Saved entries —
# # # # #
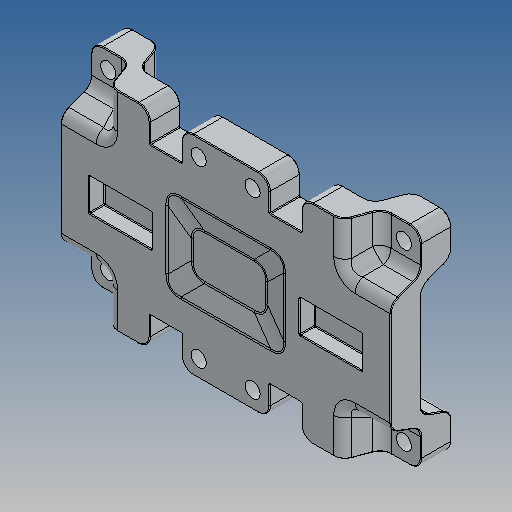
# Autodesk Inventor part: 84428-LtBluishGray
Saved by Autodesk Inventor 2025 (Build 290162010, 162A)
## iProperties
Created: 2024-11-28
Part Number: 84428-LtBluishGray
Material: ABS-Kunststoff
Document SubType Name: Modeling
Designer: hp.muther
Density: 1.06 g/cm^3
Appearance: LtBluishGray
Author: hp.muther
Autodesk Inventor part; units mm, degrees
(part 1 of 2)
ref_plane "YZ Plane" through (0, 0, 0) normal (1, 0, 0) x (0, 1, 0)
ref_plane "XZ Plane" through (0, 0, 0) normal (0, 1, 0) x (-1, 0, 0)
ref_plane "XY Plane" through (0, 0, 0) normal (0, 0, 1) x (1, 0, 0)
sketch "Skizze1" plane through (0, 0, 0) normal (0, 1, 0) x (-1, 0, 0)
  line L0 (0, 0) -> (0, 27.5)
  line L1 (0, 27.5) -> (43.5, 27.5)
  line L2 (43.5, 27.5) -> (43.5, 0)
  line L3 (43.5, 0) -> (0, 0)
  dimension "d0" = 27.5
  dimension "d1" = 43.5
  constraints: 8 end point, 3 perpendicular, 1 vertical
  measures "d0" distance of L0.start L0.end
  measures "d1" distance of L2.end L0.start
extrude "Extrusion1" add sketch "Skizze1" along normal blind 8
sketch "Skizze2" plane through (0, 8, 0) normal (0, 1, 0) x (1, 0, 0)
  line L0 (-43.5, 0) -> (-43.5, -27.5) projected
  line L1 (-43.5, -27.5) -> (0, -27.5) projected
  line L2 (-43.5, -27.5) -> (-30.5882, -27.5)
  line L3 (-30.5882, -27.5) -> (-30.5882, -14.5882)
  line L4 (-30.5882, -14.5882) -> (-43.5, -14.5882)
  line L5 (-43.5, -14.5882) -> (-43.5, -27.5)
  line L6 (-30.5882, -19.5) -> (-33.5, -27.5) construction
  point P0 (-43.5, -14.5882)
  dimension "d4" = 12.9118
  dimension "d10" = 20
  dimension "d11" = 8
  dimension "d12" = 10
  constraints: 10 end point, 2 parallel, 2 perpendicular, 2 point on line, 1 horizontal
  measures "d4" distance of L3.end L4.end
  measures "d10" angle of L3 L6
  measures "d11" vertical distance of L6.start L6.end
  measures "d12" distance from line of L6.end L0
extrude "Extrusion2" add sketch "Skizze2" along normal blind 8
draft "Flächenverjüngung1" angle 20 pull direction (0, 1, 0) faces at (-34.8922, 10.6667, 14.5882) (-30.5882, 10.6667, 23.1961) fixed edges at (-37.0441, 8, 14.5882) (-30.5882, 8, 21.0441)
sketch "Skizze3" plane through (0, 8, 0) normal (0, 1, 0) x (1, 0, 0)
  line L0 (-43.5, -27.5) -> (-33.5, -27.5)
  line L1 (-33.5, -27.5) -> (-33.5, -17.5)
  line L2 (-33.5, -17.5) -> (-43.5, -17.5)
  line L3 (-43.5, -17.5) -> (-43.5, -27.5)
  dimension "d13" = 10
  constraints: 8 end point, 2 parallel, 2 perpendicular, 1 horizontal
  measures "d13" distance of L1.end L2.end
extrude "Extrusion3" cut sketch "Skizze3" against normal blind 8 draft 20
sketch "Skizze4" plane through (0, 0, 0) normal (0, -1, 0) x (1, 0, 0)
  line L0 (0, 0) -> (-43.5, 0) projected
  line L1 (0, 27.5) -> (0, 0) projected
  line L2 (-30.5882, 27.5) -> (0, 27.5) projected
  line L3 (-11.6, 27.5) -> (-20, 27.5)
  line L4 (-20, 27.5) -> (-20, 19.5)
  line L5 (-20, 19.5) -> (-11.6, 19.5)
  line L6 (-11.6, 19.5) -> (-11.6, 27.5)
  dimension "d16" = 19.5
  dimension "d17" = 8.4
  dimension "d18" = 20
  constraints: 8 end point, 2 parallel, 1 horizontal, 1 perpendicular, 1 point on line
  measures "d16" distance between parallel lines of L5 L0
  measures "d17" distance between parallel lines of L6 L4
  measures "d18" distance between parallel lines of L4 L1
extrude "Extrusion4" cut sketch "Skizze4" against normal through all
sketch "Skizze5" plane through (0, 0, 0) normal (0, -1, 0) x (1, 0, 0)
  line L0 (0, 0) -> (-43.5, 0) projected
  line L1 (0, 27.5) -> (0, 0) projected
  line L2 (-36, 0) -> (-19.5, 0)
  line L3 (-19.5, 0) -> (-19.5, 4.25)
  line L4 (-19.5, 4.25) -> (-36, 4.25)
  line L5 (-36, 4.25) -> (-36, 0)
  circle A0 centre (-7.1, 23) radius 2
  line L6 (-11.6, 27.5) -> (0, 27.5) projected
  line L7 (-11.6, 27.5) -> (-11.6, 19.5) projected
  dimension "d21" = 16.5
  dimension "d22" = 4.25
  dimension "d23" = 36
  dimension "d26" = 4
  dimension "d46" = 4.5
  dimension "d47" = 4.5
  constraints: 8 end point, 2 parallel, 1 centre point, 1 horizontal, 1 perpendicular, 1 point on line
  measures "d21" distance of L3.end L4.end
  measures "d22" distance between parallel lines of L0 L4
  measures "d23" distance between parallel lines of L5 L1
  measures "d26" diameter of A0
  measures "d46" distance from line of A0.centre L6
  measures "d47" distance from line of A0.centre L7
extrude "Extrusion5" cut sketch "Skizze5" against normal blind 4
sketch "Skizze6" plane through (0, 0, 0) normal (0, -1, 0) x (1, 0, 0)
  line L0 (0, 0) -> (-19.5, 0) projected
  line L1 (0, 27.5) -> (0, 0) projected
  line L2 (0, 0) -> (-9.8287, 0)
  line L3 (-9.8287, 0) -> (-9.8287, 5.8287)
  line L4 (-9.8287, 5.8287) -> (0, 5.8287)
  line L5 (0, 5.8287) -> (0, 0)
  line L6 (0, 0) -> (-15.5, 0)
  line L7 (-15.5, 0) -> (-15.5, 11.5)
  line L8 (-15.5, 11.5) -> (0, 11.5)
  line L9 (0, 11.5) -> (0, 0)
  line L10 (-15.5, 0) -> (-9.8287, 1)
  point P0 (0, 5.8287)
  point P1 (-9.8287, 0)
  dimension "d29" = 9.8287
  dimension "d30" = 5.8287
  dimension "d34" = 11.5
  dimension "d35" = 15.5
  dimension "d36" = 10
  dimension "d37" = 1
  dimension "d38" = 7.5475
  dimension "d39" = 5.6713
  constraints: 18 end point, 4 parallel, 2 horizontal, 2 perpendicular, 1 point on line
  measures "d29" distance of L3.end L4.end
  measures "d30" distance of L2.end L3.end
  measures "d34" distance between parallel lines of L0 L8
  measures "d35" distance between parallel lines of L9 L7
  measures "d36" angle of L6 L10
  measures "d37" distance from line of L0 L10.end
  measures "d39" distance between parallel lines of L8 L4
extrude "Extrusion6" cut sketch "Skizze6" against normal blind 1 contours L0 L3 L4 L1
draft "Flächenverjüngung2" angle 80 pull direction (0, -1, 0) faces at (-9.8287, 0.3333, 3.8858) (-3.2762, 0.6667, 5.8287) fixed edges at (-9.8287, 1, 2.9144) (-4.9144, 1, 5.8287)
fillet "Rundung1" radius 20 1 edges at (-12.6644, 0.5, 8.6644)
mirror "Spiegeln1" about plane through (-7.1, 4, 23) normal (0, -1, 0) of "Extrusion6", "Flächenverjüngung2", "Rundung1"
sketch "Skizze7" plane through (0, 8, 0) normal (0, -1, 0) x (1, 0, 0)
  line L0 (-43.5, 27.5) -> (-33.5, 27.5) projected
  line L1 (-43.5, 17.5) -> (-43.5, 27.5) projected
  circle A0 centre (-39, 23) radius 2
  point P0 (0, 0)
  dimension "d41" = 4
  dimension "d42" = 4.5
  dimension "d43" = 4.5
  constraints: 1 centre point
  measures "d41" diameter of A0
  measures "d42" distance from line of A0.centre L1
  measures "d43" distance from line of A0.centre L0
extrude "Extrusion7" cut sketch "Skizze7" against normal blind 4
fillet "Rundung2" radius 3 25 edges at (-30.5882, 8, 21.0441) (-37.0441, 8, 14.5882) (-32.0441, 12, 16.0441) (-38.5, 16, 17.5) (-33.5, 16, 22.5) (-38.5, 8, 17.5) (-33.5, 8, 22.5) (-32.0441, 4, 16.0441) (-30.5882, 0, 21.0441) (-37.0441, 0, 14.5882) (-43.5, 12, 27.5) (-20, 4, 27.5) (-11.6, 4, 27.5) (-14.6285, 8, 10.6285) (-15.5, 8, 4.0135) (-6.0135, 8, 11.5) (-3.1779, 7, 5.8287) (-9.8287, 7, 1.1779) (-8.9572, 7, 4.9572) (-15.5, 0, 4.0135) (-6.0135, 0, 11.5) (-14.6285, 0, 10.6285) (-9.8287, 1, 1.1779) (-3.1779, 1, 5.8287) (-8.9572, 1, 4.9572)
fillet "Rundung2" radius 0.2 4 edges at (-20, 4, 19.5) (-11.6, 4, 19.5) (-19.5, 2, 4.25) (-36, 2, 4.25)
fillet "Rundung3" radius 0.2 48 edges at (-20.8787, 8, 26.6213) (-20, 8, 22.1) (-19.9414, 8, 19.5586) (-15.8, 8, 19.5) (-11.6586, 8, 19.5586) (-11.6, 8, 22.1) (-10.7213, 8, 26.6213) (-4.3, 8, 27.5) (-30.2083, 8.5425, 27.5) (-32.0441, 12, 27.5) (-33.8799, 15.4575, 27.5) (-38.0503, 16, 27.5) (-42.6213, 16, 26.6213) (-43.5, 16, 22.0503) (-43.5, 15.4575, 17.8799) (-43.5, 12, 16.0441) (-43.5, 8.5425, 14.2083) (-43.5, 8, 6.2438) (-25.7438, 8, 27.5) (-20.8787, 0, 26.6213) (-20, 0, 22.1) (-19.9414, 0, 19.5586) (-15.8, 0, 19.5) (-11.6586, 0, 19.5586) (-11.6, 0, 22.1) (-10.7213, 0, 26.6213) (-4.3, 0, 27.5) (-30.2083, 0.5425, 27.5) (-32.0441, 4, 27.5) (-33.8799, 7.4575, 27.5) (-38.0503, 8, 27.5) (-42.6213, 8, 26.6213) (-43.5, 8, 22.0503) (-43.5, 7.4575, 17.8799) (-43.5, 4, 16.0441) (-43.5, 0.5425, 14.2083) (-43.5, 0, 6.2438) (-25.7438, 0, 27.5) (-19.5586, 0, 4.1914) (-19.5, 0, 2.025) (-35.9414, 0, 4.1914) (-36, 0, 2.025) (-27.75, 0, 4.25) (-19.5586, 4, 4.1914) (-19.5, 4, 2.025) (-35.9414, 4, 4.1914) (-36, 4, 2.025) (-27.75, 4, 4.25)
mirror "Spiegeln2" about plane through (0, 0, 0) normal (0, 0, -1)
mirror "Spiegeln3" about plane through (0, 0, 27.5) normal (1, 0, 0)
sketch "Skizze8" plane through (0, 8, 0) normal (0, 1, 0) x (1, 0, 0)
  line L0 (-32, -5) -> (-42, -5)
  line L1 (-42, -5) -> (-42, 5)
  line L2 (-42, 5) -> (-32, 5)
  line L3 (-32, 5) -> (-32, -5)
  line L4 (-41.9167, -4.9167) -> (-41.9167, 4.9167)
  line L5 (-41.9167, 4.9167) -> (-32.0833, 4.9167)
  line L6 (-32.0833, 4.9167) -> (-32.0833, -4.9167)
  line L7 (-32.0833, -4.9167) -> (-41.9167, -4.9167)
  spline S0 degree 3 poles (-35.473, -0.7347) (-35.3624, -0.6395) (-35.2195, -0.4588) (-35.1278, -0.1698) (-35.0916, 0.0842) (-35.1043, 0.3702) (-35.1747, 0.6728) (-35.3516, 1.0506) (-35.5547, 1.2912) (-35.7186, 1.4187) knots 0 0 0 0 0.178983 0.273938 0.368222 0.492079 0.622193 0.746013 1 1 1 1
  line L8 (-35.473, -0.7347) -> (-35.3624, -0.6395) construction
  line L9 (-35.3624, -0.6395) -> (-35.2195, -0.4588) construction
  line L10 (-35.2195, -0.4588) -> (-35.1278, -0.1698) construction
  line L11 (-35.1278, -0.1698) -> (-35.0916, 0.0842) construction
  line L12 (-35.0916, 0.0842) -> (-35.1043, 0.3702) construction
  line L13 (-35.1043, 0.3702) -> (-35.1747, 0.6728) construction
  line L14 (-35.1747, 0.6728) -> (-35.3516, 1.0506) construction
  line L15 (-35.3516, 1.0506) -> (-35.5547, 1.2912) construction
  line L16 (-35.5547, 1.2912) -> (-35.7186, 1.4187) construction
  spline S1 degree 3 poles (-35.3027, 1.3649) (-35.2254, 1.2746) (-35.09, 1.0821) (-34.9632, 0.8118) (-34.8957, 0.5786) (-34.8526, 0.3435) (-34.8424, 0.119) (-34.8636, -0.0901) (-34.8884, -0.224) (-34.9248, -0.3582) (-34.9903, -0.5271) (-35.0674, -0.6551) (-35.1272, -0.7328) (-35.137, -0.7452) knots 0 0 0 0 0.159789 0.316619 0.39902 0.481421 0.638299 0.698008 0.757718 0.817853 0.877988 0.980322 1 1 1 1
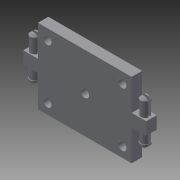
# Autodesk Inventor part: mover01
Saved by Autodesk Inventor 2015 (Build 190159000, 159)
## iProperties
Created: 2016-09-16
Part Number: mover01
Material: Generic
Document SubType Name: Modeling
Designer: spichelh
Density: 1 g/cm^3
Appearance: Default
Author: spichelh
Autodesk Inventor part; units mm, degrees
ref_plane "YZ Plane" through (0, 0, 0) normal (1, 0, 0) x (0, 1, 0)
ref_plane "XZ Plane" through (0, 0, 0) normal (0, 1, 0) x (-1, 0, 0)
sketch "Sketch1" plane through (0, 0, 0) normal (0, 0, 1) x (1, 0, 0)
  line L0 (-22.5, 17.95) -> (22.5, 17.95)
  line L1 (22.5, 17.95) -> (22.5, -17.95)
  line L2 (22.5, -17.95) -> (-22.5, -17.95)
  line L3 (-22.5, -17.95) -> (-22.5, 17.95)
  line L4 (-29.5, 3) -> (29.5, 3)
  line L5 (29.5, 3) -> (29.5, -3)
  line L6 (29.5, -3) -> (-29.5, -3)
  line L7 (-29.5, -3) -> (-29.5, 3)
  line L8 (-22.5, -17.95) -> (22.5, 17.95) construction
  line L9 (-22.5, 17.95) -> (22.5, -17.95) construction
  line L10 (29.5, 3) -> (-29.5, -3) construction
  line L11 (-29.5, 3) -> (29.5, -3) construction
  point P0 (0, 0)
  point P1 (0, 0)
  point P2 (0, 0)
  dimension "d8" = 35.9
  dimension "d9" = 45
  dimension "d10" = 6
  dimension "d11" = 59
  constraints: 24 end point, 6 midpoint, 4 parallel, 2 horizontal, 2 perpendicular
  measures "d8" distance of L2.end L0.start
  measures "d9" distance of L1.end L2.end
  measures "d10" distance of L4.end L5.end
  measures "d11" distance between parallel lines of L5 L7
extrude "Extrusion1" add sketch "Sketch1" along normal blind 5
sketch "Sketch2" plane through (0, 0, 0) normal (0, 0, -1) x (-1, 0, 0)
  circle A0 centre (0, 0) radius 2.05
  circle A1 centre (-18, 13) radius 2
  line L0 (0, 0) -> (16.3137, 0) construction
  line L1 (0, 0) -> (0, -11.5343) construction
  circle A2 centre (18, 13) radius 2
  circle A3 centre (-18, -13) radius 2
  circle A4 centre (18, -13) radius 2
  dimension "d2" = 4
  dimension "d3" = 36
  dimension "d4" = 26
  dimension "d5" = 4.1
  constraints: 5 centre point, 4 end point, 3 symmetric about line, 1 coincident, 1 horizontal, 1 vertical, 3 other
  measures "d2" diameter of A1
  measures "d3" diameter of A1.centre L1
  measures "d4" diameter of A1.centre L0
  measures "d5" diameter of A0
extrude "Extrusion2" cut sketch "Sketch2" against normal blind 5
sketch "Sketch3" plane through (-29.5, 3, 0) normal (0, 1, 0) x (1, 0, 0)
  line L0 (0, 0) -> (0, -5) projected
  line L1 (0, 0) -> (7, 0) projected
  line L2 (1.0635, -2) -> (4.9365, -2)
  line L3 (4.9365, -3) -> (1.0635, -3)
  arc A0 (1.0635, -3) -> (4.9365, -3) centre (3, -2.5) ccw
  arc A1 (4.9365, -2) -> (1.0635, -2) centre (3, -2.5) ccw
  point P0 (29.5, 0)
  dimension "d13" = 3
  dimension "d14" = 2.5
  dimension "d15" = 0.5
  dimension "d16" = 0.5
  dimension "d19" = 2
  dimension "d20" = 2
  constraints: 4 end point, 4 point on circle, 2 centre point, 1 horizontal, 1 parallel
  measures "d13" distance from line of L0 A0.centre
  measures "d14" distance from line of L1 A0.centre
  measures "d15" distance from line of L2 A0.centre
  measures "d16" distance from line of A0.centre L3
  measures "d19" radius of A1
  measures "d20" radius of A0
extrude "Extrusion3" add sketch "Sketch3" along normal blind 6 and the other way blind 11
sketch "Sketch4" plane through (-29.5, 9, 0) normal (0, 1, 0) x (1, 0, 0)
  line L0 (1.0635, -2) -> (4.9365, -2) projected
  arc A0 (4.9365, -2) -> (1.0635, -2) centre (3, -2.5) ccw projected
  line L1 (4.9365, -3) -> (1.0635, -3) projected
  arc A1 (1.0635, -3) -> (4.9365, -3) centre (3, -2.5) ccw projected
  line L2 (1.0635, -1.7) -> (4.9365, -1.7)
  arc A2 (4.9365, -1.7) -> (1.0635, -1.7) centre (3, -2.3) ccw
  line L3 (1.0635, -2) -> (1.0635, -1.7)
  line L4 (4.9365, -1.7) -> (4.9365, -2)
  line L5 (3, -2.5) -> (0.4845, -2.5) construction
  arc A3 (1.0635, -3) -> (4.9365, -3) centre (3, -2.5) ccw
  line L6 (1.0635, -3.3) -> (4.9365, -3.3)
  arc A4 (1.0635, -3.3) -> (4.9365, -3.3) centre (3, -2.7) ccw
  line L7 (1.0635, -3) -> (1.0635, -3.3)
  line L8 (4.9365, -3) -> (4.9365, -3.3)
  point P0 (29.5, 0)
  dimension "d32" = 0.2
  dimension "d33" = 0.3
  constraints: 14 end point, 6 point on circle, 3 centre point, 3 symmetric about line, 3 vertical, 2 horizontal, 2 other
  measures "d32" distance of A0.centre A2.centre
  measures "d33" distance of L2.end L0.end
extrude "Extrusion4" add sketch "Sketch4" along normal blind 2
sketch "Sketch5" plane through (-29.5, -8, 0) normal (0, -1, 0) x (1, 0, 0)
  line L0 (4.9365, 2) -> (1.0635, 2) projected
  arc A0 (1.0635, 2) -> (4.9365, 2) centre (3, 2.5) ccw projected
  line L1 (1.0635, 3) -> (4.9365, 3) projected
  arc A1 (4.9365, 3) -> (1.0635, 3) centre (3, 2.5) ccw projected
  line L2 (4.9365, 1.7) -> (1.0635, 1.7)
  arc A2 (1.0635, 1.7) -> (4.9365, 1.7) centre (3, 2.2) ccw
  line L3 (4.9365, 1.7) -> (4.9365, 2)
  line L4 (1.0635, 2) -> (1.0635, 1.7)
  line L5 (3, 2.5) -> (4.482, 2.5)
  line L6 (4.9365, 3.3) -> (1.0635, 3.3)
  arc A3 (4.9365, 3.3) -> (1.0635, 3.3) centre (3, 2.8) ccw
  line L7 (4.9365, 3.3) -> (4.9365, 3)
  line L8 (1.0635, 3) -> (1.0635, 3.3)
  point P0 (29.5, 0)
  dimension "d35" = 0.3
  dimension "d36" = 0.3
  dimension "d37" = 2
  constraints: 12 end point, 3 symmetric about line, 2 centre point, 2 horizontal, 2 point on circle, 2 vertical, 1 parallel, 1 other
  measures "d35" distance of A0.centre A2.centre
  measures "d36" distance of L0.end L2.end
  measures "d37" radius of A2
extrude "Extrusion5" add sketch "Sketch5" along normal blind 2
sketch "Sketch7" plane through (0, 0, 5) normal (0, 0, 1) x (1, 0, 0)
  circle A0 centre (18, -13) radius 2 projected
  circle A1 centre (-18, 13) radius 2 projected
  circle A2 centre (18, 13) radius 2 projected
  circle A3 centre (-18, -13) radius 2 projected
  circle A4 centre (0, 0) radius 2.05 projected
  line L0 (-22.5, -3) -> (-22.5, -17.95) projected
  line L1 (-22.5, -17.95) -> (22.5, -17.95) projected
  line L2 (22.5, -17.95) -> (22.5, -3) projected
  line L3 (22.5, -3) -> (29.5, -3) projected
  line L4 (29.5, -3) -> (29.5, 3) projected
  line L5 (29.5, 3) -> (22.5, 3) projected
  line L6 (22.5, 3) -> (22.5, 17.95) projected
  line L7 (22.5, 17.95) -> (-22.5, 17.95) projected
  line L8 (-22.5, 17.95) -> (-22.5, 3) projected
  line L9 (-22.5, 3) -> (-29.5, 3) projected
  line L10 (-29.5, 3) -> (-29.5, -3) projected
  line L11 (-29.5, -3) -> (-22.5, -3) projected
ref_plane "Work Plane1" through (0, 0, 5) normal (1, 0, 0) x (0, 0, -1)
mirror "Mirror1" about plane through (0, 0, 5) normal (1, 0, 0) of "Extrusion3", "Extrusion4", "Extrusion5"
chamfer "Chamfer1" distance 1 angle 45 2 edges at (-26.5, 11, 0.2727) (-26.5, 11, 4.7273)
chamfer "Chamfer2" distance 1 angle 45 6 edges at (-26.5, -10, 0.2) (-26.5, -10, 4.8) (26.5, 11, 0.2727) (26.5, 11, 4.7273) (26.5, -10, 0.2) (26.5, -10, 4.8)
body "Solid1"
# # # # #
WHAT YOU SHOULD DO — Search the data above for the word "Build". Copy each line it is in.

EXPECTED ANSWER —
Saved by Autodesk Inventor 2025 (Build 290162010, 162A)
Saved by Autodesk Inventor 2015 (Build 190159000, 159)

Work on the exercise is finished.